## Problem requirements
The response must consist of the lines below from the one with "#104=VECTOR('',#103,1.);" through the one with "#125=DIRECTION('',(0.,0.,-1.));", exactly as they appear and with both ends kept.

(Source data)
__________

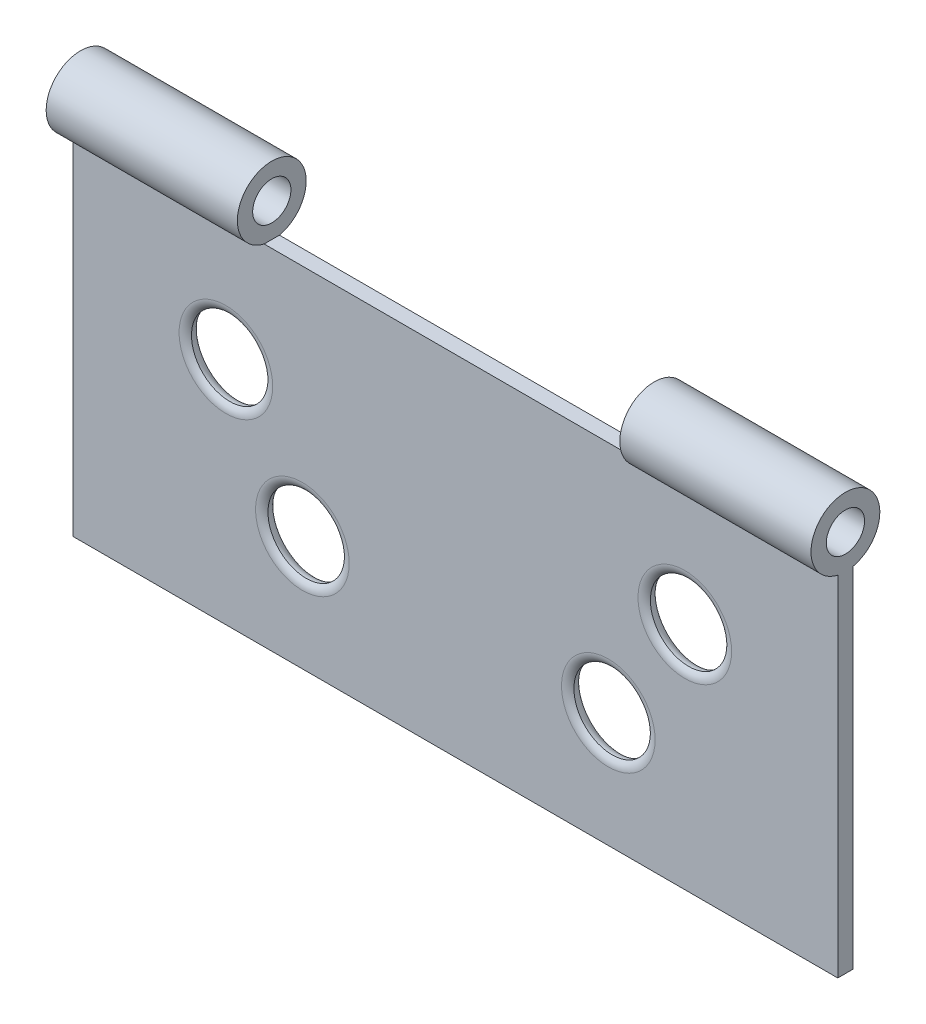
ISO-10303-21;
HEADER;
FILE_DESCRIPTION(('STEP AP214'),'2;1');
FILE_NAME('part.step','',(''),(''),'','','');
FILE_SCHEMA(('AUTOMOTIVE_DESIGN { 1 0 10303 214 1 1 1 1 }'));
ENDSEC;
DATA;
#1=APPLICATION_CONTEXT('core data for automotive mechanical design processes');
#2=APPLICATION_PROTOCOL_DEFINITION('international standard','automotive_design',2000,#1);
#3=PRODUCT_CONTEXT('',#1,'mechanical');
#4=PRODUCT('Part','Part','',(#3));
#5=PRODUCT_RELATED_PRODUCT_CATEGORY('part','',(#4));
#6=PRODUCT_DEFINITION_FORMATION('','',#4);
#7=PRODUCT_DEFINITION_CONTEXT('part definition',#1,'design');
#8=PRODUCT_DEFINITION('design','',#6,#7);
#9=PRODUCT_DEFINITION_SHAPE('','',#8);
#10=(LENGTH_UNIT() NAMED_UNIT(*) SI_UNIT(.MILLI.,.METRE.));
#11=(NAMED_UNIT(*) PLANE_ANGLE_UNIT() SI_UNIT($,.RADIAN.));
#12=(NAMED_UNIT(*) SI_UNIT($,.STERADIAN.) SOLID_ANGLE_UNIT());
#13=UNCERTAINTY_MEASURE_WITH_UNIT(LENGTH_MEASURE(1.E-05),#10,'distance_accuracy_value','');
#14=(GEOMETRIC_REPRESENTATION_CONTEXT(3) GLOBAL_UNCERTAINTY_ASSIGNED_CONTEXT((#13)) GLOBAL_UNIT_ASSIGNED_CONTEXT((#10,
#11,#12)) REPRESENTATION_CONTEXT('',''));
#15=CARTESIAN_POINT('',(0.,0.,0.));
#16=DIRECTION('',(0.,0.,1.));
#17=DIRECTION('',(1.,0.,0.));
#18=AXIS2_PLACEMENT_3D('',#15,#16,#17);
#19=CARTESIAN_POINT('',(-19.6928853558979,8.1864989832161,0.1));
#20=DIRECTION('',(1.,0.,0.));
#21=DIRECTION('',(0.,0.,-1.));
#22=AXIS2_PLACEMENT_3D('',#19,#20,#21);
#23=CYLINDRICAL_SURFACE('',#22,0.450000000000002);
#24=DIRECTION('',(1.,0.,0.));
#25=VECTOR('',#24,1.);
#26=CARTESIAN_POINT('',(-19.6928853558979,7.74775076384649,0.2));
#27=LINE('',#26,#25);
#28=CARTESIAN_POINT('',(-19.6928853558979,7.74775076384649,0.2));
#29=VERTEX_POINT('',#28);
#30=CARTESIAN_POINT('',(-17.1928853558979,7.74775076384649,0.199999999999999));
#31=VERTEX_POINT('',#30);
#32=EDGE_CURVE('E132',#29,#31,#27,.T.);
#33=ORIENTED_EDGE('',*,*,#32,.T.);
#34=CARTESIAN_POINT('',(-17.1928853558979,8.1864989832161,0.1));
#35=DIRECTION('',(1.,0.,0.));
#36=DIRECTION('',(0.,0.,-1.));
#37=AXIS2_PLACEMENT_3D('',#34,#35,#36);
#38=CIRCLE('',#37,0.450000000000002);
#39=CARTESIAN_POINT('',(-17.1928853558979,7.74775076384649,0.));
#40=VERTEX_POINT('',#39);
#41=EDGE_CURVE('E119',#31,#40,#38,.F.);
#42=ORIENTED_EDGE('',*,*,#41,.T.);
#43=DIRECTION('',(1.,0.,0.));
#44=VECTOR('',#43,1.);
#45=CARTESIAN_POINT('',(-19.6928853558979,7.74775076384649,0.));
#46=LINE('',#45,#44);
#47=CARTESIAN_POINT('',(-19.6928853558979,7.74775076384649,0.));
#48=VERTEX_POINT('',#47);
#49=EDGE_CURVE('E11',#48,#40,#46,.T.);
#50=ORIENTED_EDGE('',*,*,#49,.F.);
#51=CARTESIAN_POINT('',(-19.6928853558979,8.1864989832161,0.1));
#52=DIRECTION('',(1.,0.,0.));
#53=DIRECTION('',(0.,0.,-1.));
#54=AXIS2_PLACEMENT_3D('',#51,#52,#53);
#55=CIRCLE('',#54,0.450000000000002);
#56=EDGE_CURVE('E128',#48,#29,#55,.T.);
#57=ORIENTED_EDGE('',*,*,#56,.T.);
#58=EDGE_LOOP('',(#33,#42,#50,#57));
#59=FACE_BOUND('',#58,.T.);
#60=ADVANCED_FACE('F34',(#59),#23,.T.);
#61=CARTESIAN_POINT('',(-19.6928853558979,8.1864989832161,0.1));
#62=DIRECTION('',(1.,0.,0.));
#63=DIRECTION('',(0.,0.,-1.));
#64=AXIS2_PLACEMENT_3D('',#61,#62,#63);
#65=CYLINDRICAL_SURFACE('',#64,0.250000000000001);
#66=CARTESIAN_POINT('',(-19.6928853558979,8.1864989832161,0.1));
#67=DIRECTION('',(1.,0.,0.));
#68=DIRECTION('',(0.,0.,-1.));
#69=AXIS2_PLACEMENT_3D('',#66,#67,#68);
#70=CIRCLE('',#69,0.250000000000001);
#71=CARTESIAN_POINT('',(-19.6928853558979,8.1864989832161,-0.150000000000001));
#72=VERTEX_POINT('',#71);
#73=EDGE_CURVE('E123',#72,#72,#70,.T.);
#74=ORIENTED_EDGE('',*,*,#73,.F.);
#75=EDGE_LOOP('',(#74));
#76=FACE_BOUND('',#75,.T.);
#77=CARTESIAN_POINT('',(-17.1928853558979,8.1864989832161,0.1));
#78=DIRECTION('',(1.,0.,0.));
#79=DIRECTION('',(0.,0.,-1.));
#80=AXIS2_PLACEMENT_3D('',#77,#78,#79);
#81=CIRCLE('',#80,0.250000000000001);
#82=CARTESIAN_POINT('',(-17.1928853558979,8.1864989832161,-0.150000000000001));
#83=VERTEX_POINT('',#82);
#84=EDGE_CURVE('E38',#83,#83,#81,.F.);
#85=ORIENTED_EDGE('',*,*,#84,.F.);
#86=EDGE_LOOP('',(#85));
#87=FACE_BOUND('',#86,.T.);
#88=ADVANCED_FACE('F222',(#76,#87),#65,.F.);
#89=CARTESIAN_POINT('',(-19.6928853558979,0.,0.2));
#90=DIRECTION('',(1.,0.,0.));
#91=DIRECTION('',(0.,0.,-1.));
#92=AXIS2_PLACEMENT_3D('',#89,#90,#91);
#93=PLANE('',#92);
#94=DIRECTION('',(0.,-1.,0.));
#95=VECTOR('',#94,1.);
#96=CARTESIAN_POINT('',(-19.6928853558979,0.,0.2));
#97=LINE('',#96,#95);
#98=CARTESIAN_POINT('',(-19.6928853558979,3.1864989832161,0.2));
#99=VERTEX_POINT('',#98);
#100=EDGE_CURVE('E135',#29,#99,#97,.T.);
#101=ORIENTED_EDGE('',*,*,#100,.F.);
#102=ORIENTED_EDGE('',*,*,#56,.F.);
#103=DIRECTION('',(0.,-1.,0.));
#104=VECTOR('',#103,1.);
#105=CARTESIAN_POINT('',(-19.6928853558979,0.,0.));
#106=LINE('',#105,#104);
#107=CARTESIAN_POINT('',(-19.6928853558979,3.1864989832161,0.));
#108=VERTEX_POINT('',#107);
#109=EDGE_CURVE('E58',#48,#108,#106,.T.);
#110=ORIENTED_EDGE('',*,*,#109,.T.);
#111=DIRECTION('',(0.,0.,-1.));
#112=VECTOR('',#111,1.);
#113=CARTESIAN_POINT('',(-19.6928853558979,3.1864989832161,0.2));
#114=LINE('',#113,#112);
#115=EDGE_CURVE('E150',#99,#108,#114,.T.);
#116=ORIENTED_EDGE('',*,*,#115,.F.);
#117=EDGE_LOOP('',(#101,#102,#110,#116));
#118=FACE_BOUND('',#117,.T.);
#119=ORIENTED_EDGE('',*,*,#73,.T.);
#120=EDGE_LOOP('',(#119));
#121=FACE_BOUND('',#120,.T.);
#122=ADVANCED_FACE('F228',(#118,#121),#93,.F.);
#123=CARTESIAN_POINT('',(-9.69288535589785,0.,0.2));
#124=DIRECTION('',(1.,0.,0.));
#125=DIRECTION('',(0.,0.,-1.));
#126=AXIS2_PLACEMENT_3D('',#123,#124,#125);
#127=PLANE('',#126);
#128=DIRECTION('',(0.,-1.,0.));
#129=VECTOR('',#128,1.);
#130=CARTESIAN_POINT('',(-9.69288535589785,0.,0.));
#131=LINE('',#130,#129);
#132=CARTESIAN_POINT('',(-9.69288535589785,7.74775076384649,0.));
#133=VERTEX_POINT('',#132);
#134=CARTESIAN_POINT('',(-9.69288535589785,3.1864989832161,0.));
#135=VERTEX_POINT('',#134);
#136=EDGE_CURVE('E138',#133,#135,#131,.T.);
#137=ORIENTED_EDGE('',*,*,#136,.F.);
#138=CARTESIAN_POINT('',(-9.69288535589785,8.1864989832161,0.1));
#139=DIRECTION('',(1.,0.,0.));
#140=DIRECTION('',(0.,0.,-1.));
#141=AXIS2_PLACEMENT_3D('',#138,#139,#140);
#142=CIRCLE('',#141,0.450000000000002);
#143=CARTESIAN_POINT('',(-9.69288535589785,7.74775076384649,0.2));
#144=VERTEX_POINT('',#143);
#145=EDGE_CURVE('E108',#133,#144,#142,.T.);
#146=ORIENTED_EDGE('',*,*,#145,.T.);
#147=DIRECTION('',(0.,-1.,0.));
#148=VECTOR('',#147,1.);
#149=CARTESIAN_POINT('',(-9.69288535589785,0.,0.2));
#150=LINE('',#149,#148);
#151=CARTESIAN_POINT('',(-9.69288535589785,3.1864989832161,0.2));
#152=VERTEX_POINT('',#151);
#153=EDGE_CURVE('E141',#144,#152,#150,.T.);
#154=ORIENTED_EDGE('',*,*,#153,.T.);
#155=DIRECTION('',(0.,0.,-1.));
#156=VECTOR('',#155,1.);
#157=CARTESIAN_POINT('',(-9.69288535589785,3.1864989832161,0.2));
#158=LINE('',#157,#156);
#159=EDGE_CURVE('E143',#152,#135,#158,.T.);
#160=ORIENTED_EDGE('',*,*,#159,.T.);
#161=EDGE_LOOP('',(#137,#146,#154,#160));
#162=FACE_BOUND('',#161,.T.);
#163=CARTESIAN_POINT('',(-9.69288535589785,8.1864989832161,0.1));
#164=DIRECTION('',(1.,0.,0.));
#165=DIRECTION('',(0.,0.,-1.));
#166=AXIS2_PLACEMENT_3D('',#163,#164,#165);
#167=CIRCLE('',#166,0.250000000000001);
#168=CARTESIAN_POINT('',(-9.69288535589785,8.1864989832161,-0.150000000000001));
#169=VERTEX_POINT('',#168);
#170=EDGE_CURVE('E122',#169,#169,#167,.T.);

__________

## Response area
#104=VECTOR('',#103,1.);
#105=CARTESIAN_POINT('',(-19.6928853558979,0.,0.));
#106=LINE('',#105,#104);
#107=CARTESIAN_POINT('',(-19.6928853558979,3.1864989832161,0.));
#108=VERTEX_POINT('',#107);
#109=EDGE_CURVE('E58',#48,#108,#106,.T.);
#110=ORIENTED_EDGE('',*,*,#109,.T.);
#111=DIRECTION('',(0.,0.,-1.));
#112=VECTOR('',#111,1.);
#113=CARTESIAN_POINT('',(-19.6928853558979,3.1864989832161,0.2));
#114=LINE('',#113,#112);
#115=EDGE_CURVE('E150',#99,#108,#114,.T.);
#116=ORIENTED_EDGE('',*,*,#115,.F.);
#117=EDGE_LOOP('',(#101,#102,#110,#116));
#118=FACE_BOUND('',#117,.T.);
#119=ORIENTED_EDGE('',*,*,#73,.T.);
#120=EDGE_LOOP('',(#119));
#121=FACE_BOUND('',#120,.T.);
#122=ADVANCED_FACE('F228',(#118,#121),#93,.F.);
#123=CARTESIAN_POINT('',(-9.69288535589785,0.,0.2));
#124=DIRECTION('',(1.,0.,0.));
#125=DIRECTION('',(0.,0.,-1.));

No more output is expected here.